» Work item
Could you report every line of the listing below that holds the word "Planetary"?

***** Data *****

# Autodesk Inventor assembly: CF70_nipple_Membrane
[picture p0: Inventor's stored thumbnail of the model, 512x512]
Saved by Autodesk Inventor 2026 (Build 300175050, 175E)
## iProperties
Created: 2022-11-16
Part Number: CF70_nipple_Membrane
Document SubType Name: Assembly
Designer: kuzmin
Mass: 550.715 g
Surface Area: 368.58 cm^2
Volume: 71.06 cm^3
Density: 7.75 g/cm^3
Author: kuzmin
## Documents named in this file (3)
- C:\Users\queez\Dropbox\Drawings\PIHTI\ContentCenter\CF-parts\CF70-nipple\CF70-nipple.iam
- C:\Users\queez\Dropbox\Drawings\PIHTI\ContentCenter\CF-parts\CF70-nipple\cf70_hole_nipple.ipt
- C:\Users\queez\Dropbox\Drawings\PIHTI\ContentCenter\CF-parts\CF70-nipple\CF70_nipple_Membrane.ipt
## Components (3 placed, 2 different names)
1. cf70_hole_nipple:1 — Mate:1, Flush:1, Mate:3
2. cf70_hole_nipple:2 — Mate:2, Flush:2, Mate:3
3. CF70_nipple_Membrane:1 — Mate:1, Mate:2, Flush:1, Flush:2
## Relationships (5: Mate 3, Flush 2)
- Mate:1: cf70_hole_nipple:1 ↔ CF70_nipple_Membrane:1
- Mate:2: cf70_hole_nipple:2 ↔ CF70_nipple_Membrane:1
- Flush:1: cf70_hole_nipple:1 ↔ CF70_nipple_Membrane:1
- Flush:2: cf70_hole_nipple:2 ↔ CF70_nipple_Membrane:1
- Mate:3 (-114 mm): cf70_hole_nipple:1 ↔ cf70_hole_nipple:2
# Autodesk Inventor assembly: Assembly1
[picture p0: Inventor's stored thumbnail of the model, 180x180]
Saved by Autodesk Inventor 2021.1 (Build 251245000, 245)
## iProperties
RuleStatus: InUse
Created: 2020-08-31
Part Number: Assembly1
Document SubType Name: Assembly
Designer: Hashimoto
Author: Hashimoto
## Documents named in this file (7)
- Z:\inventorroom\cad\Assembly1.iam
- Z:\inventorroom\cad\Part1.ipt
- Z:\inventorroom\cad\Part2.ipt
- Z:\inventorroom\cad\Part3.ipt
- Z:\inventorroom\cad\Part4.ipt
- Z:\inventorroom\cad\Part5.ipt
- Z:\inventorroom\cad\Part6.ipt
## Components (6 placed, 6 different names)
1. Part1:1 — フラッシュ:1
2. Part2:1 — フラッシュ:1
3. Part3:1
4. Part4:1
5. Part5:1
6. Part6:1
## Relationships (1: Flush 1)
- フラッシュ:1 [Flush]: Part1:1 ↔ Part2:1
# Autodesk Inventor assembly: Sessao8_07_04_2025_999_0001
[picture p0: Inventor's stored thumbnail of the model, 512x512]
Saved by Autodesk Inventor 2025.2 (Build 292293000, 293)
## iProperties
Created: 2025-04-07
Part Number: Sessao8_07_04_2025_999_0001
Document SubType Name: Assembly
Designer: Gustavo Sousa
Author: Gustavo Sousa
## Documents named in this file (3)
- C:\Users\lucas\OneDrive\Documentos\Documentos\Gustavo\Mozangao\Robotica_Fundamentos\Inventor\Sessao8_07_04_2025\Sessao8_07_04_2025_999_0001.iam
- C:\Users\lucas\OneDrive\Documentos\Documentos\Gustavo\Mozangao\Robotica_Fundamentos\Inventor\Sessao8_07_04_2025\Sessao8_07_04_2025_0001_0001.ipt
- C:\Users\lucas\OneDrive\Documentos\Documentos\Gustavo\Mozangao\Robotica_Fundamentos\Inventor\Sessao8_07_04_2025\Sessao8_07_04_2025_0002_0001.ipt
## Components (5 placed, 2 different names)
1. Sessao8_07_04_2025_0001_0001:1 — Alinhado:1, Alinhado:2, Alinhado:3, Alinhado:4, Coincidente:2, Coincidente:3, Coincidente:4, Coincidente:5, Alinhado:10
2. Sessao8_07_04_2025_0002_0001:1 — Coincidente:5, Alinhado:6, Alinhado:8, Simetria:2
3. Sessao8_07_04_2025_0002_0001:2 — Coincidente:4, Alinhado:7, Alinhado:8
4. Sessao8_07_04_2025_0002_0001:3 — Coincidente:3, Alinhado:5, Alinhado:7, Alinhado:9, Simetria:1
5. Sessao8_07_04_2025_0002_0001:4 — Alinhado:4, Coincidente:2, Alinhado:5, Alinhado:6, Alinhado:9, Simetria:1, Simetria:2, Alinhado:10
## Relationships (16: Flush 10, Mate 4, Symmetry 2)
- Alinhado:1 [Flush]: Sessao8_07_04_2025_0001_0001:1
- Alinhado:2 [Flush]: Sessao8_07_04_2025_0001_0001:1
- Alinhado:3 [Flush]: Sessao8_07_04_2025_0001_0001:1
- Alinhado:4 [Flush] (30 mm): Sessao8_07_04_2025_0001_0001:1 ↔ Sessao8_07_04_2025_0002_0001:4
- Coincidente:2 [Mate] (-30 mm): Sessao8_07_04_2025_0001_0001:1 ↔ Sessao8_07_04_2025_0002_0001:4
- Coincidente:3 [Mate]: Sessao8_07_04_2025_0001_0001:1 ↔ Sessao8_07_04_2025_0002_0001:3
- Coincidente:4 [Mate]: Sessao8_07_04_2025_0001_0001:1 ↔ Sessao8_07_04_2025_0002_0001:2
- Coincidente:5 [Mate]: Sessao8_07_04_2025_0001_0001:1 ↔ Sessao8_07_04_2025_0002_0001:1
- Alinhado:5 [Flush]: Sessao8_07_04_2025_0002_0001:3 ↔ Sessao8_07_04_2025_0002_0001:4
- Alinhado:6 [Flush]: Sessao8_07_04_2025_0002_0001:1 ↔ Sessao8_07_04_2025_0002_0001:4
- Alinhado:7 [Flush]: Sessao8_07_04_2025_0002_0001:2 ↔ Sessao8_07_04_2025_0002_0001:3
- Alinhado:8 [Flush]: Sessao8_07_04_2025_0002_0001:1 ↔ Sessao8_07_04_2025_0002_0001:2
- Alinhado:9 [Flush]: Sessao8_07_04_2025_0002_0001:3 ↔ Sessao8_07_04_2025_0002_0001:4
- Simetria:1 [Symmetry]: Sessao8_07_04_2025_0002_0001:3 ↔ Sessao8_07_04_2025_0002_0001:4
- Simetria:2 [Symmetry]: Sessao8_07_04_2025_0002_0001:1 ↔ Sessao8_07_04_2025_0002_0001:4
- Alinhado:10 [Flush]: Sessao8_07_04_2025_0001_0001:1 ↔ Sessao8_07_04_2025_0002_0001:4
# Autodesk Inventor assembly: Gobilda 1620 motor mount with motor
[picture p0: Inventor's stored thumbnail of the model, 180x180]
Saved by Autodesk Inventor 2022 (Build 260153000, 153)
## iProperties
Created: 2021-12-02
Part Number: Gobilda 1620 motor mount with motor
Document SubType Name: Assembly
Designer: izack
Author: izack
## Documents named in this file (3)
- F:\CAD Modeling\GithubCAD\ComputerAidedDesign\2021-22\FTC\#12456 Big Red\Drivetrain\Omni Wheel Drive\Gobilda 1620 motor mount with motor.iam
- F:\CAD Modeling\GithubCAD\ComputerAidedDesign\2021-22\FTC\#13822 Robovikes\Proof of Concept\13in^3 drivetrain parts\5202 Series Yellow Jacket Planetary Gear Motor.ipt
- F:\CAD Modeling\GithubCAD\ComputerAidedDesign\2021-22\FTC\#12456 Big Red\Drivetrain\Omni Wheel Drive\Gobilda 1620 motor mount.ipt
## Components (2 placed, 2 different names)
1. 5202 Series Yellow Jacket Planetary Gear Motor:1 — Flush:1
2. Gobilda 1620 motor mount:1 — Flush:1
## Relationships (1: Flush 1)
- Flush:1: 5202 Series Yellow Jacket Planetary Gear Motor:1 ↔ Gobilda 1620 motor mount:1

*****

» Output
- F:\CAD Modeling\GithubCAD\ComputerAidedDesign\2021-22\FTC\#13822 Robovikes\Proof of Concept\13in^3 drivetrain parts\5202 Series Yellow Jacket Planetary Gear Motor.ipt
1. 5202 Series Yellow Jacket Planetary Gear Motor:1 — Flush:1
- Flush:1: 5202 Series Yellow Jacket Planetary Gear Motor:1 ↔ Gobilda 1620 motor mount:1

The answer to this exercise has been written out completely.